From: Axel Kohlmeyer (akohlmey_at_cmm.chem.upenn.edu)
Date: Wed Oct 22 2008 - 12:49:56 CDT

On Wed, 22 Oct 2008, Tibbitt, Jeffrey A. wrote:

hi,

please let me point out that there is a significant difference
between reading binary files from fortran and from c/c++/perl/etc.
the fortran code only works, if the platform reading the .dcd file
is equivalent to the way it is written.

.dcd is a binary format, and thus "endianness" of a machine matters.
to explain: there are some machines that store a (32-bit) integer
like 66100 as the four bytes 0, 1, 2, 52 and others that would do
52, 2, 1, 0. so you have to know which machine a dcd file was written
on or what endiannes it was encoded into (some fortran compilers can
swap on the fly based on compiler flags and environment variables).

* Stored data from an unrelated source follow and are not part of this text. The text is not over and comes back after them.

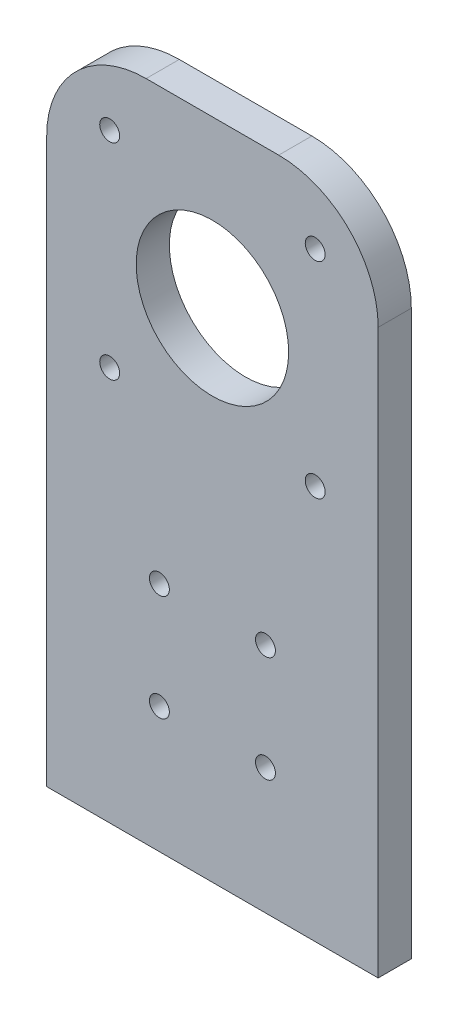
SolidWorks part; units mm, degrees
ref_plane "Front Plane" through (0, 0, 0) normal (0, 0, 1) x (1, 0, 0)
ref_plane "Top Plane" through (0, 0, 0) normal (0, 1, 0) x (1, 0, 0)
ref_plane "Right Plane" through (0, 0, 0) normal (1, 0, 0) x (0, 0, -1)
sketch "Sketch4" plane through (0, 0, 0) normal (0, 0, 1) x (1, 0, 0)
  line L0 (-10.0874, 107.0888) -> (9.9126, 107.0888)
  line L1 (-0.0874, 23.0888) -> (-0.0874, 107.0888) construction
  line L3 (-25.0874, 92.0888) -> (-25.0874, 7.0888)
  line L4 (-25.0874, 7.0888) -> (24.9126, 7.0888)
  line L5 (24.9126, 7.0888) -> (24.9126, 92.0888)
  circle A0 centre (-0.0874, 82.0888) radius 11.5
  circle A1 centre (15.4126, 66.5888) radius 1.5
  circle A2 centre (-15.5874, 66.5888) radius 1.5
  circle A3 centre (15.4126, 97.5888) radius 1.5
  circle A4 centre (-15.5874, 97.5888) radius 1.5
  circle A5 centre (-8.0874, 42.0888) radius 1.5
  circle A6 centre (7.9126, 42.0888) radius 1.5
  arc A7 (9.9126, 107.0888) -> (24.9126, 92.0888) centre (9.9126, 92.0888) cw
  arc A8 (-25.0874, 92.0888) -> (-10.0874, 107.0888) centre (-10.0874, 92.0888) cw
  point P23 (24.9126, 107.0888)
  dimension "D1" = 23
  dimension "D2" = 3
  dimension "D6" = 15
  dimension "D7" = 3
  dimension "D4" = 15.5
  dimension "D5" = 8
  dimension "D8" = 35
  dimension "D9" = 17
  dimension "D10" = 100
extrude "Boss-Extrude1" add sketch "Sketch4" along normal blind 5
sketch "Sketch5" plane through (0, 0, 0) normal (0, 0, -1) x (-1, 0, 0)
  circle A0 centre (8.0874, 26.0888) radius 1.5
  circle A1 centre (-7.9126, 26.0888) radius 1.5
extrude "Cut-Extrude1" cut sketch "Sketch5" against normal through all

the really nasty part is, that fortran binary files do not only contain
the data that is written, but a record length indicator that tells
the fortran binary reader how large a block (a single write) exactly is.

to explain: in fortran you can do on writing (in unformatted binary).

write(8) a, b, c
write(8) d, e, f
write(8) (g(i),i=1,100)

if you are only interested in a part of the data you can do:

read(8) a, b
read(8) d
read(8) (g(i),i=1,50)

and it will _still_ read what was in "a" into "a" and what was
in "d" into "d" and so on.

now the size of this record length indicator can be set manually
for some compilers or is dependent on the platform (most have 32-bit
even on 64-bit machines, some have 64-bit if their integer type is
64-bit by default). if you try to read a .dcd file with fortran, it
will either work or fail miserably (frequenly with a "failed to seek
to the end of block" or a "file too short" type error message or
even a segmentation fault), depending on your platform. in c you
have a bit more flexibility and the same applied to perl, but the
correct handling of all these issues is tricky.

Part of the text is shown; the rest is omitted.